Take note, "THE FORUM OWNER DOES NOT WANT ANY POSTS IN ENGLISH" I can agree, understand, and sympathise with that point. However it's still a really awesome forum even with the requirement of using Google Translate. There's some very complicated and technical engine builds and most are done without using castings. Be prepared to burn up more than a few hours searching previous posts. Unfortunately you also can't view anything on this forum without joining it. But it's more than worth it. Since it's the scale stationary steam engines that interest me, That's the only sub forum I've checked so far. If you do decide to join this forum? I can promise you that your not going to be disapointed.

Pete


----------



## lazylathe (Mar 24, 2012)

Hi Pete, 

Joined this a few weeks ago.
Had some issues logging on and the forum owners were very helpful in getting me set up!
Just use google translate to communicate and they reply very quickly!!

The work is top notch on that site!!!!
I can see spending a lot of time just looking at the pictures!!!

Thanks for the link!!!
Also helps I can read a bit of German!!!

Andrew


----------



## pete (Mar 24, 2012)

Hi Andrew,
I'm glad at least one person got some actual use out of my post. Yeah there is some VERY mind blowing items on that site. But for anyone else reading this? I want to again state very clearly, "THE SITE OWNER DOES NOT WANT ANY POSTS IN ENGLISH". I can understand and fully agree with his points of view. It IS a German language forum. Personaly I'm happy enough they let me join and view all those great engine builds. But don't bother using Google translate to make any posts from English to German. It ends up almost unrecognisable.

LOL, On a side note? I've been following some of your posts, PM/South Bend etc. Your quickly moving up into a machine tool whore. I'm jealous ;D You've managed to score some great equipment.

Pete


----------



## JorgensenSteam (Mar 24, 2012)

Looks interesting, but I can't seem to access any of it, other than an index.

An open forum would be nice for the folks who are not members, or who cannot become members. What is the harm in having your posts seen by everyone? Surely the posts can be that priceless that they cannot be seen by everyone. Maybe because of the plague of copying, but I would still make it an open forum. So what if it gets copied? Big deal.

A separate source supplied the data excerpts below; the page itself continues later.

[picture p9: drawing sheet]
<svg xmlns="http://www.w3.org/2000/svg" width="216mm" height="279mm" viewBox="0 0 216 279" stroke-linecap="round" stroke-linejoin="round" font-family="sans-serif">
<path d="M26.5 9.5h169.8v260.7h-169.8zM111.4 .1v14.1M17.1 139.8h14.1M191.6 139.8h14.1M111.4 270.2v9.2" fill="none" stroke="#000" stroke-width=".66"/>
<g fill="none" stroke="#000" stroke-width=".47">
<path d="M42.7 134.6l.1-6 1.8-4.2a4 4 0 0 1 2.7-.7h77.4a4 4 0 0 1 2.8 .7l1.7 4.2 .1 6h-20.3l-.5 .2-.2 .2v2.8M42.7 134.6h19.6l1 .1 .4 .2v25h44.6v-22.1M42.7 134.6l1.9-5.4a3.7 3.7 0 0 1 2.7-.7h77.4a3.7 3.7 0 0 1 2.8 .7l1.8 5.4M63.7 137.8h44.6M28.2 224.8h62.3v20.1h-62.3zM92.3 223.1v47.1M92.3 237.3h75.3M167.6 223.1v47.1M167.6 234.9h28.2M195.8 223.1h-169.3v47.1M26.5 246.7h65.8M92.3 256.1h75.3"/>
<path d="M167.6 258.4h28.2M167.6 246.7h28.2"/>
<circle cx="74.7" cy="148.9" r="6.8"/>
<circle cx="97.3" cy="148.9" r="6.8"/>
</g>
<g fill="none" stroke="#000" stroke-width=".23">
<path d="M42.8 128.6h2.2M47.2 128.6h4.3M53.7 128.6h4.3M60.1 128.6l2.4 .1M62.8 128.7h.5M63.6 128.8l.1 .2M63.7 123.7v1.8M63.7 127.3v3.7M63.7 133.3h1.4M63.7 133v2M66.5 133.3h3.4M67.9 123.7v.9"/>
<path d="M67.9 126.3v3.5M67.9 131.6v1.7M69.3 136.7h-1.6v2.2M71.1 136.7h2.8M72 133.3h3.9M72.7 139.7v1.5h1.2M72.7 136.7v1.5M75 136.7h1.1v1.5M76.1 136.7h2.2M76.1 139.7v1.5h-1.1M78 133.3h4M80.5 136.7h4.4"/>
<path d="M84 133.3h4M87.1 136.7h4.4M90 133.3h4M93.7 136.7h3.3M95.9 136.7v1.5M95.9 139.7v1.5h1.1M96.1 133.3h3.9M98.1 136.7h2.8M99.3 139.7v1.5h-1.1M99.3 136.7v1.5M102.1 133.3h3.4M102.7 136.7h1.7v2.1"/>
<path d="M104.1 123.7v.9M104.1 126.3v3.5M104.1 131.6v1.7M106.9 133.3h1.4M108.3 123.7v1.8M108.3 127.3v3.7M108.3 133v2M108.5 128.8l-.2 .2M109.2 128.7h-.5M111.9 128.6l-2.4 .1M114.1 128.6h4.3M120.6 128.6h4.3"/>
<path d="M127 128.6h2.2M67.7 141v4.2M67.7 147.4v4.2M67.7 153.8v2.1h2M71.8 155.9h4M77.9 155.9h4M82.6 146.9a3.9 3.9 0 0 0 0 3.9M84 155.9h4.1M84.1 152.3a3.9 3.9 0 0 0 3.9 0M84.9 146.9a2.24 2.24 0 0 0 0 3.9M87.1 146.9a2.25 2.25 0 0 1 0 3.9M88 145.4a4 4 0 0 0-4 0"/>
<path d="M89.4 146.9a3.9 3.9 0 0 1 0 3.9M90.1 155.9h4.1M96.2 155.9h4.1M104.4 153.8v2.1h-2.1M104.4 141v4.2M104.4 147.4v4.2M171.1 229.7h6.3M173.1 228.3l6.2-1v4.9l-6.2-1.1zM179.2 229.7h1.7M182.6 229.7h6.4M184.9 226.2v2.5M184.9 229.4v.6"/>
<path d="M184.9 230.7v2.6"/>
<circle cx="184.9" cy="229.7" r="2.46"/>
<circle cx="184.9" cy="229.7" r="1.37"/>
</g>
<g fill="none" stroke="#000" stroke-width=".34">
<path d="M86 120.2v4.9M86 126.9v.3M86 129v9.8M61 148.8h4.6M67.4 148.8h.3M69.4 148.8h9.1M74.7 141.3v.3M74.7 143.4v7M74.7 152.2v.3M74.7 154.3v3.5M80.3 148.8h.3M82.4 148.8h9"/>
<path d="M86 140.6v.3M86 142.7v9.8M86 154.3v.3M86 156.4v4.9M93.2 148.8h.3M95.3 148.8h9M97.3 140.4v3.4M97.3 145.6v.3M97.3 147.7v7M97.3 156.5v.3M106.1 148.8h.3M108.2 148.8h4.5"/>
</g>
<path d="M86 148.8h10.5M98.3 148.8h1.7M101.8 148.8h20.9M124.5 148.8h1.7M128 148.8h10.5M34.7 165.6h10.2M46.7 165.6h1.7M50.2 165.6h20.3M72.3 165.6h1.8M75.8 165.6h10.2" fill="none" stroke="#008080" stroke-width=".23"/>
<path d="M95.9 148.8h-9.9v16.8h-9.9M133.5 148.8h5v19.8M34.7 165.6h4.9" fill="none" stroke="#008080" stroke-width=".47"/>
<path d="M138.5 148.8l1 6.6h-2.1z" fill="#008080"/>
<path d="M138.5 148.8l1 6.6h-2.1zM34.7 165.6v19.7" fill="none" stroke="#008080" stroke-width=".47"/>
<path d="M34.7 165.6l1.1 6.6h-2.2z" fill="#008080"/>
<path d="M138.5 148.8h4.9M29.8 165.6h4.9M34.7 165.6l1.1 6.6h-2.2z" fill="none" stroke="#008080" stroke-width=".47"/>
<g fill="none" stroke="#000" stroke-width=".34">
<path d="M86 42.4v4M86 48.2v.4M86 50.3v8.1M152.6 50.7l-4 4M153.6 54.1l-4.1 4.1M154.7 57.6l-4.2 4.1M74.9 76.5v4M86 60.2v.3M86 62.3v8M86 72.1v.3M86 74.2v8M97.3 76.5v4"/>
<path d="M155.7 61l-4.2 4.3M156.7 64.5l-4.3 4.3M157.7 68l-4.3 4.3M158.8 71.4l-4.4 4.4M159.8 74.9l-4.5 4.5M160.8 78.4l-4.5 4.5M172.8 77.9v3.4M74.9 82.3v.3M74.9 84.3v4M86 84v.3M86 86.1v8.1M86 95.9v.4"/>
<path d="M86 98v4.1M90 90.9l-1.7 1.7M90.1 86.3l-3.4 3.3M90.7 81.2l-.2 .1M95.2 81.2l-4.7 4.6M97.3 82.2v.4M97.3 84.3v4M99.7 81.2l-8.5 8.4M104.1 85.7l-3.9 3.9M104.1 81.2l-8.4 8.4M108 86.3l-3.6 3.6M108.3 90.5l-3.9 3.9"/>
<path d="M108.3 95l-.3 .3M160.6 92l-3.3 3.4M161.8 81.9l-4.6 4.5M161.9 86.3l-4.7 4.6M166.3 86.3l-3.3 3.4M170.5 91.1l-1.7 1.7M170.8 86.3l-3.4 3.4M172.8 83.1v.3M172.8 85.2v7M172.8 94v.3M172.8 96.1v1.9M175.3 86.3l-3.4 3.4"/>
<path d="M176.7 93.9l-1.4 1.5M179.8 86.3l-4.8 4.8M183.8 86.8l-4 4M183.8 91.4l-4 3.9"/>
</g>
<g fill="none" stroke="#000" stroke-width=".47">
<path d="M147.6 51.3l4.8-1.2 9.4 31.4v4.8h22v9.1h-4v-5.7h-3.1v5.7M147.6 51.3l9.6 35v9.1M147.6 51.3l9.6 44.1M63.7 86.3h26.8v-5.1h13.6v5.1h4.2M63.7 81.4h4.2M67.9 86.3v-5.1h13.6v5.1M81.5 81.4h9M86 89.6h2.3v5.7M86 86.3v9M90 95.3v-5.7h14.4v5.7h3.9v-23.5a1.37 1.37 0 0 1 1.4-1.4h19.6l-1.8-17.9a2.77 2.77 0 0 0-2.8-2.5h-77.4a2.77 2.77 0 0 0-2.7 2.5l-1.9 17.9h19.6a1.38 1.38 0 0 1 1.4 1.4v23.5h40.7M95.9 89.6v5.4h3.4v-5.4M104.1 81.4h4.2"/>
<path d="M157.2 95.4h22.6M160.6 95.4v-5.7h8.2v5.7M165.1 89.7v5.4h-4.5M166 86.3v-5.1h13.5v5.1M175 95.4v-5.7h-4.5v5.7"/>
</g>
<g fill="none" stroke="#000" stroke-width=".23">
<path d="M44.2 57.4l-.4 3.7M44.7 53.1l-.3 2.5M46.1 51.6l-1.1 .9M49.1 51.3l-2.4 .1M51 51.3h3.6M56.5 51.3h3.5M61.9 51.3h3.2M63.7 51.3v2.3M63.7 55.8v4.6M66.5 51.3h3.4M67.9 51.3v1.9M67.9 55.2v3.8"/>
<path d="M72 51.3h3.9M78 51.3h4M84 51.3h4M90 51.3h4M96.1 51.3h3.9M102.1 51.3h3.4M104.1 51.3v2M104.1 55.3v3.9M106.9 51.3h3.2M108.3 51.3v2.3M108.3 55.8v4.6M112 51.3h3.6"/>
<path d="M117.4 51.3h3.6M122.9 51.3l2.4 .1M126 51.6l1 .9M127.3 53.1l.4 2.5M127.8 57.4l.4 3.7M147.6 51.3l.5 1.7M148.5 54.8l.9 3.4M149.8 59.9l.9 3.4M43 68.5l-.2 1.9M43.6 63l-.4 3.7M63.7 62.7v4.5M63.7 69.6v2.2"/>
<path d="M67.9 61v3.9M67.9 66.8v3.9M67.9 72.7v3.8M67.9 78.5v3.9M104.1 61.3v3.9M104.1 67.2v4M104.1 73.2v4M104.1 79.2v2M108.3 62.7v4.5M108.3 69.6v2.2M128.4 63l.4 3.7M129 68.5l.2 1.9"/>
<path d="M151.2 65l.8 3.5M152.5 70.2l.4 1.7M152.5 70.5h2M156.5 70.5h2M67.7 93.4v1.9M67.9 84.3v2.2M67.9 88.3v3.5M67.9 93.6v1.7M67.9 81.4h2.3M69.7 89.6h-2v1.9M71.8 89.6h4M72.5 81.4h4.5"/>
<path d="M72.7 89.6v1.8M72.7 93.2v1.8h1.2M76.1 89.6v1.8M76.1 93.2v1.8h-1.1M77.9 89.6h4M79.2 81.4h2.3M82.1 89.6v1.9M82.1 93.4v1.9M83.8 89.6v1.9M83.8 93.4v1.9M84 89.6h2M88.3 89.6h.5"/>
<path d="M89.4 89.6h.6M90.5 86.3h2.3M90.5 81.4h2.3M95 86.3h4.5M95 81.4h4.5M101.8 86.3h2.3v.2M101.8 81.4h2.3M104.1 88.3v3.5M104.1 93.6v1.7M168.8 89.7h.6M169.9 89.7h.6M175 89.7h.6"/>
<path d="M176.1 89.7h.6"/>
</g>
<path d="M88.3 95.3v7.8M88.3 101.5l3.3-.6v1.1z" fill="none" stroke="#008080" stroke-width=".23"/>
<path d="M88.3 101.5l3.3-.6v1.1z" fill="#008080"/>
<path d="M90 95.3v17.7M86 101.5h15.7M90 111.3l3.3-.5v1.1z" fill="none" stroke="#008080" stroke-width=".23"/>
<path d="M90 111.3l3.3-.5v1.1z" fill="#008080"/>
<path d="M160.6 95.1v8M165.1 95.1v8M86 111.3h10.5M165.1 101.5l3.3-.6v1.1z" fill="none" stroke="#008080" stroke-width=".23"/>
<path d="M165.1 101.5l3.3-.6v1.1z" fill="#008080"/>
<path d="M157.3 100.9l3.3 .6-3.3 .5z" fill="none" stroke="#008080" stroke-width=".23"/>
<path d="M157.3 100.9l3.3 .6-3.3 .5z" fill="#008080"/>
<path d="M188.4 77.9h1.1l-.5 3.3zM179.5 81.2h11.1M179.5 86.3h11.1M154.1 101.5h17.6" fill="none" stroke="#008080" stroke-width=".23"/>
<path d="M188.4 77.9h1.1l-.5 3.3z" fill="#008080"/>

The posts are permanent though, and I reserve the right to remove my posts. Too often I find that I have highjacked someone elses thread, or gotten hopelessly off-topic, or just misunderstood the question, and then posted a response that makes it obvious what an idiot I am (to those who don't already know that). I think most would appreciate being able to change or delete posts.

I believe I could learn German without too much trouble, I have had to work on projects with all German drawing and text, and you can pick it up pretty quick, expecially since the vocabulary is generally limited items we know well.

I don't even see an email address to contact anyone, so I get the idea (don't call us, we will call you).

Hats off to HMEM, Madmodder, and other open forums.
I found HMEM by browsing around trying to learn machining, and liked what I saw. I would not have joined had I not been able to see what is here first.

Keep info open-source is my motto.
It works out better for all involved, and promotes the hobby in a big and open way.


----------



## pete (Mar 24, 2012)

Yes You do have some valid points. However that German forum is one you have to join to see anything. I think it's worth it. The majority on that site seem to specialise in building to commerial drawings, But without using the castings. At least for the stationary steam anyway. I've learned at lot thru that site. There are some very talented people there just like here. Google translate is slow and doesn't always give the correct translation due to technical terms. But overall it's not too tough to figure things out.

Pete


----------



## lazylathe (Mar 24, 2012)

Thanks Pete!
I still have some place to fill with tools!
So my tool whoring will hopefully continue
for a while as long as I find the good ones!!

I do not have a problem with the German site.
Join if you want to or don't!
They just have different rules to what we are used to.

As for google translate it works quick for me.
No problems with crazy translations yet!

I get most of the German just need help with
some words!

I really like the Stirling and vacuum motor sections!!
Very cool work!!!!

Andrew


----------



## mklotz (Mar 24, 2012)

The first German sentence you must learn...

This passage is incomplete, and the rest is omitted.